What is needed:
All lines from the top of the records below through the line holding "D5: CN1.B13 (BD5), IC1.19 (D5)", and only those, should be printed exactly, minus the pictures.
[Opening Working data section]
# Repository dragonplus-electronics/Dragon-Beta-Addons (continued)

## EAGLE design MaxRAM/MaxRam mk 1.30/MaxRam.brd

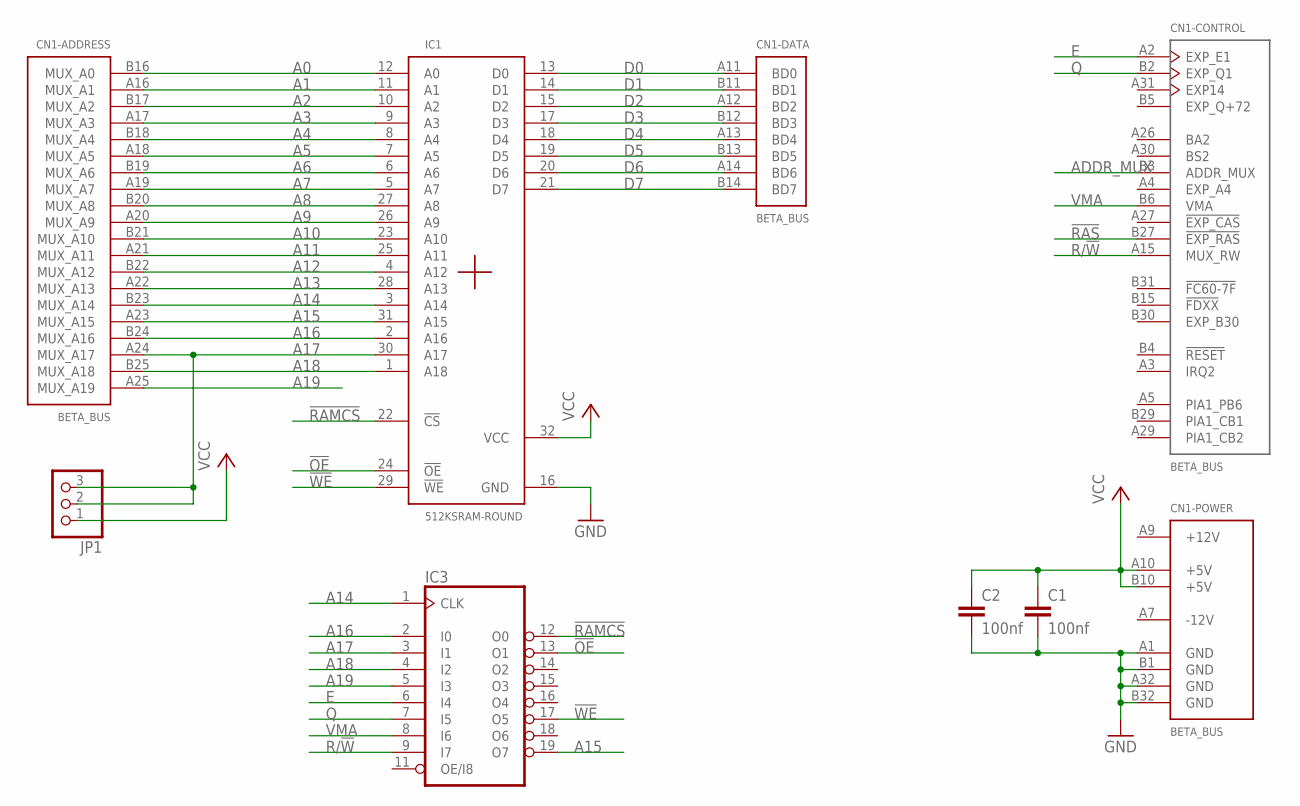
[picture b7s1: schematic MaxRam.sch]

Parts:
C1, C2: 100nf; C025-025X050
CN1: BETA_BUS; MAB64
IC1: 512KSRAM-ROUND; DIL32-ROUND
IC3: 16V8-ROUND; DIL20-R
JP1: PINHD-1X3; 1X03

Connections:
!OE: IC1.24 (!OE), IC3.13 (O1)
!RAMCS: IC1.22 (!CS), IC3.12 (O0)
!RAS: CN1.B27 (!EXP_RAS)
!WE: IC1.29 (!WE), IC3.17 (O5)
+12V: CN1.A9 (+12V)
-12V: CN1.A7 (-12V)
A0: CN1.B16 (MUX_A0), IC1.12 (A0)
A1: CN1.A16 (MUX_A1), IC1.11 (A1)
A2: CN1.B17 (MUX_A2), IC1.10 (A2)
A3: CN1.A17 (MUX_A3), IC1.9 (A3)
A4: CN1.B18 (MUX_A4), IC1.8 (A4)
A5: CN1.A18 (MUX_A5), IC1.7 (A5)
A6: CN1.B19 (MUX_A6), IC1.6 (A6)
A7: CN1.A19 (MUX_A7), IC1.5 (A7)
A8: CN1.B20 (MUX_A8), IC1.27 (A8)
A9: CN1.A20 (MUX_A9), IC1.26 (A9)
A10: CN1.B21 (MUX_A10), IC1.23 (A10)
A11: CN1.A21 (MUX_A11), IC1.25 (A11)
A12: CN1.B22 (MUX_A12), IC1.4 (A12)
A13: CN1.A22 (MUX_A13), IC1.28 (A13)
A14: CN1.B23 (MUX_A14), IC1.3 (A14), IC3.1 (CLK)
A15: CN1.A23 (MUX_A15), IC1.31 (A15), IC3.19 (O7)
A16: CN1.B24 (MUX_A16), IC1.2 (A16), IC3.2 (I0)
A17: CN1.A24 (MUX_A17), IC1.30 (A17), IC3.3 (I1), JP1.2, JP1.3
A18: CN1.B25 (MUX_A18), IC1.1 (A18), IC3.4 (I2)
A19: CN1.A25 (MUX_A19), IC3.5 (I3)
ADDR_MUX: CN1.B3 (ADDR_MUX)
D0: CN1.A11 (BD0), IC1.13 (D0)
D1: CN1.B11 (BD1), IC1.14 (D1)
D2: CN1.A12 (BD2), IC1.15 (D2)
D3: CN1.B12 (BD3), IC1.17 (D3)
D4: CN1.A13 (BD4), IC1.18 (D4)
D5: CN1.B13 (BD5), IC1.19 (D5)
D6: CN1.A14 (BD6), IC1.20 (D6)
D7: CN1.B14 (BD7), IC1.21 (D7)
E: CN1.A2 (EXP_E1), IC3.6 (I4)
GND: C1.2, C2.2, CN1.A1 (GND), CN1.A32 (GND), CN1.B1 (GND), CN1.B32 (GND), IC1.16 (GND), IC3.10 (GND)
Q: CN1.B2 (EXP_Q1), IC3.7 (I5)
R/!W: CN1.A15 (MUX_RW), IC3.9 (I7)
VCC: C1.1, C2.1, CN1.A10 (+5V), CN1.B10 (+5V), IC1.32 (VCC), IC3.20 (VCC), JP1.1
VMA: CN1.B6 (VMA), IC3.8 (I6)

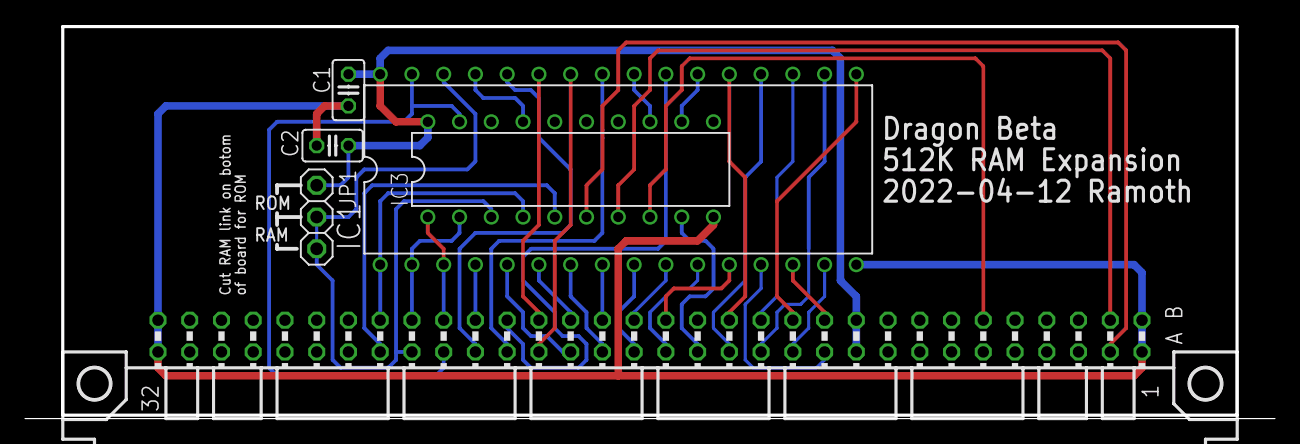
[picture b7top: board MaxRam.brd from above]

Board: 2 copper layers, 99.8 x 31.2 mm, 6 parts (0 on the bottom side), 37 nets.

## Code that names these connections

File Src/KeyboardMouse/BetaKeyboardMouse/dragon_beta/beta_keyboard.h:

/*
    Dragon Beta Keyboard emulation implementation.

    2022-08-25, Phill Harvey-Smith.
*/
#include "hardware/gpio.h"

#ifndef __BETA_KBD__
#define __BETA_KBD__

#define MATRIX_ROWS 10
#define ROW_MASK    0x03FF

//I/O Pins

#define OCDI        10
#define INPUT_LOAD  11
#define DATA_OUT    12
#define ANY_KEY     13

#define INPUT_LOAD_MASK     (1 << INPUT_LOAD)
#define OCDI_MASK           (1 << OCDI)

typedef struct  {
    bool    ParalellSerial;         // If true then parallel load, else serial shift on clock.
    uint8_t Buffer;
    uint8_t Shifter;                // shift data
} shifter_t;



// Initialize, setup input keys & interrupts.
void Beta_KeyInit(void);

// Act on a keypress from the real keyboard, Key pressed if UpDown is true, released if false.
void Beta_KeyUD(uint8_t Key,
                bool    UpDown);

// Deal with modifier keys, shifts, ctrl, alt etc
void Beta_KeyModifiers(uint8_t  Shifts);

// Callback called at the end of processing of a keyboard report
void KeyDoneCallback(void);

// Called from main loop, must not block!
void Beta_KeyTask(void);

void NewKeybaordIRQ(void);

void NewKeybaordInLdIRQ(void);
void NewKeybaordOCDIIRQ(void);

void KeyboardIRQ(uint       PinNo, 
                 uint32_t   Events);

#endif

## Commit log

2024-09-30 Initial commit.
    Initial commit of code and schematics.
[Closing Working data section]
Output for this task:
# Repository dragonplus-electronics/Dragon-Beta-Addons (continued)

## EAGLE design MaxRAM/MaxRam mk 1.30/MaxRam.brd

[picture b7s1: schematic MaxRam.sch]

Parts:
C1, C2: 100nf; C025-025X050
CN1: BETA_BUS; MAB64
IC1: 512KSRAM-ROUND; DIL32-ROUND
IC3: 16V8-ROUND; DIL20-R
JP1: PINHD-1X3; 1X03

Connections:
!OE: IC1.24 (!OE), IC3.13 (O1)
!RAMCS: IC1.22 (!CS), IC3.12 (O0)
!RAS: CN1.B27 (!EXP_RAS)
!WE: IC1.29 (!WE), IC3.17 (O5)
+12V: CN1.A9 (+12V)
-12V: CN1.A7 (-12V)
A0: CN1.B16 (MUX_A0), IC1.12 (A0)
A1: CN1.A16 (MUX_A1), IC1.11 (A1)
A2: CN1.B17 (MUX_A2), IC1.10 (A2)
A3: CN1.A17 (MUX_A3), IC1.9 (A3)
A4: CN1.B18 (MUX_A4), IC1.8 (A4)
A5: CN1.A18 (MUX_A5), IC1.7 (A5)
A6: CN1.B19 (MUX_A6), IC1.6 (A6)
A7: CN1.A19 (MUX_A7), IC1.5 (A7)
A8: CN1.B20 (MUX_A8), IC1.27 (A8)
A9: CN1.A20 (MUX_A9), IC1.26 (A9)
A10: CN1.B21 (MUX_A10), IC1.23 (A10)
A11: CN1.A21 (MUX_A11), IC1.25 (A11)
A12: CN1.B22 (MUX_A12), IC1.4 (A12)
A13: CN1.A22 (MUX_A13), IC1.28 (A13)
A14: CN1.B23 (MUX_A14), IC1.3 (A14), IC3.1 (CLK)
A15: CN1.A23 (MUX_A15), IC1.31 (A15), IC3.19 (O7)
A16: CN1.B24 (MUX_A16), IC1.2 (A16), IC3.2 (I0)
A17: CN1.A24 (MUX_A17), IC1.30 (A17), IC3.3 (I1), JP1.2, JP1.3
A18: CN1.B25 (MUX_A18), IC1.1 (A18), IC3.4 (I2)
A19: CN1.A25 (MUX_A19), IC3.5 (I3)
ADDR_MUX: CN1.B3 (ADDR_MUX)
D0: CN1.A11 (BD0), IC1.13 (D0)
D1: CN1.B11 (BD1), IC1.14 (D1)
D2: CN1.A12 (BD2), IC1.15 (D2)
D3: CN1.B12 (BD3), IC1.17 (D3)
D4: CN1.A13 (BD4), IC1.18 (D4)
D5: CN1.B13 (BD5), IC1.19 (D5)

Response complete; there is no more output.